Twilight Zone of Genetics
Although the maker of Huntington's gene was found, but that's not enough to develop a
cure or treatment for the disease. Their next quest was to search for the Huntington's
gene itself.
Despite the collaborative research group's best efforts, the Huntington's gene remained
elusive throughout the 1980s. By 1984, the group had learned that the maker RELP, and
therefore the disease gene, was on the short arm of chromosome 4. For many years the
Huntington's group thought their quarry was almost at the end of the chromosome arm, a
region so difficult to analyze that Wexler had called it the Twilight Zone of genetics.

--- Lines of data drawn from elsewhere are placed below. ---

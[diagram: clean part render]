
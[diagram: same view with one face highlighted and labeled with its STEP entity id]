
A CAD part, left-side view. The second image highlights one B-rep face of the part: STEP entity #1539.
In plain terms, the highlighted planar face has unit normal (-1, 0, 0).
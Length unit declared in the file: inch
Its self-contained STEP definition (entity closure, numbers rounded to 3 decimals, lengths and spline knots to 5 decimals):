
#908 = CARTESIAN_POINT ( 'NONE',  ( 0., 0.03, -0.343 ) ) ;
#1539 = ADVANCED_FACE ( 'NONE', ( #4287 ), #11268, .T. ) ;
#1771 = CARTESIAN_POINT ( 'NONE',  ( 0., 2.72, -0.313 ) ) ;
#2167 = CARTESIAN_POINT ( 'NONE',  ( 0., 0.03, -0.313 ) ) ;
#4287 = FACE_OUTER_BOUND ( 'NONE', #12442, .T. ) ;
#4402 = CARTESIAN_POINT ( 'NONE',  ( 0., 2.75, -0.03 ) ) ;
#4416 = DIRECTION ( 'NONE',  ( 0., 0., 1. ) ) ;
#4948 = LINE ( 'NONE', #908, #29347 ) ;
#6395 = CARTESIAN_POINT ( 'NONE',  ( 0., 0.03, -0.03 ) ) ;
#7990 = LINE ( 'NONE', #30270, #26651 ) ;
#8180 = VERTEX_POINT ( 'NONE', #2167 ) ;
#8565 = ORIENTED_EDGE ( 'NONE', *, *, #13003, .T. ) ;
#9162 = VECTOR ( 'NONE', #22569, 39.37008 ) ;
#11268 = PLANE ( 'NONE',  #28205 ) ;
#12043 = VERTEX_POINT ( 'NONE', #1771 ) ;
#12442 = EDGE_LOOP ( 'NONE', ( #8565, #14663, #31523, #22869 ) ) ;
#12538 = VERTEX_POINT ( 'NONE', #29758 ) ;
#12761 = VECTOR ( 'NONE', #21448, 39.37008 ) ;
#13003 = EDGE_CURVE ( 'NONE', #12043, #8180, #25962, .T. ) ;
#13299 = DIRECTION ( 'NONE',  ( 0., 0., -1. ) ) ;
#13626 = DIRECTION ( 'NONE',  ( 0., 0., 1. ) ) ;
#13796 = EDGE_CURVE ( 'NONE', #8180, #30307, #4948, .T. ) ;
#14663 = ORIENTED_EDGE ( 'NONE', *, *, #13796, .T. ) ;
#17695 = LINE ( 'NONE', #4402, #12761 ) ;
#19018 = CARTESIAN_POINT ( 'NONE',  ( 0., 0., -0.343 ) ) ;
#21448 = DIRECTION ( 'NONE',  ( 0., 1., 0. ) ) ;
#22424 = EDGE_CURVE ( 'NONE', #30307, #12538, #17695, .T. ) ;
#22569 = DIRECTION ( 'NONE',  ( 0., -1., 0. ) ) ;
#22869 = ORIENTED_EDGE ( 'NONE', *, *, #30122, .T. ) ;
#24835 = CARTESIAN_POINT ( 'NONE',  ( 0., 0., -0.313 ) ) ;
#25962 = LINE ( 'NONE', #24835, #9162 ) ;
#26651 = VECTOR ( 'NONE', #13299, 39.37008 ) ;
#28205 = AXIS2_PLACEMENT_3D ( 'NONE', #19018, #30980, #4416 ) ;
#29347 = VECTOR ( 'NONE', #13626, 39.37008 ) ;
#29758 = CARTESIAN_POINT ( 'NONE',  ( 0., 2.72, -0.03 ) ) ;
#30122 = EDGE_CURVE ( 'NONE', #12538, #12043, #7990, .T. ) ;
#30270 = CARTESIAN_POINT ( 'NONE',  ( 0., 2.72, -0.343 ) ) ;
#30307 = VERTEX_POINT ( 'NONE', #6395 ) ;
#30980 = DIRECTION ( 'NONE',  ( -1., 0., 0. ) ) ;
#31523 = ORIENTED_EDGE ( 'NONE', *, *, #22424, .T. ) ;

Then, just as the end region was finally sequenced, evidence began suggesting that the
gene be in fact farther in on the chromosome. The sequencing had to begin all over
again.
The group's quest was finally successful early in 1993. Marcy MacDonald, a senior
researcher working with James Gusella, was the one who sequenced the Huntington's gene,
and also learned what was wrong with it.
Huntington's Gene
The Huntington's gene that scientists search for many years was a sort of stutter, a
repeating sequence of the bases C-A-G. The genes of people unaffected by the disease had
between 11 and 34 of these repeats. In people who developed Huntington's, however, the
repeats numbered 42 or more. Later, a research found out that the more repeats an
affected person's gene had the sooner in life the disease would appear and the more
severe it would be.
How Gene Leads to Huntington's 
Four years after the discovery of the defective gene that causes Huntington's disease,
researchers have produced the first clues about how the gene causes the devastating
disorder. Scientists found that genetic diseases share the same defect with Huntington's
which a genetic stutter that inserts from 30 to 150 copies of the amino acid glutamine
into key proteins, altering their properties and causing the disease. They now developing
drugs for treatment which delay the onset of symptoms.
Genetic Ethics
Since the genetic screening can only be used to predict whether a person might develop a
genetic disease. It gives probabilities, not certainties. However, as this becomes
increasingly common, discrimination arises. For Huntington's, if a person carried it,
possibly he will not be hired. But we can also take advantage of this technology. For
instance, if a woman, who knows she has inherited a tendency to develop breast cancer,
might decide to have frequent mammograms so that tumor can be detected while they are
still small and easily removable.
The Future
The new techniques of genetic engineering will solve some important problems while at the
same time creating others. Within 50 years, many of today's most devastating illnesses
may be not only treatable but also curable. If people use it in a right way, it will
benefit us a lot. Or otherwise, may produce problems more than it be able to solve.
Bibliography
Nancy Wexler" Women International Center. Online. Available
http://www.wic.org/bio/nwexler.htm. 13 May. 1999
Darling, David. Genetic Engineering: Redrawing the Blueprint of Life.
New Jersey: David Darling, 1995
H., Thomas Maugh II. Scientists Find How Gene Leads to Huntington's.
Los Angeles Times 8 Aug. 1997
Revkin, Andrew. Hunting down Huntington's.
Discover Dec. 1993
Yount, Lisa. Genetics and Genetic Engineering.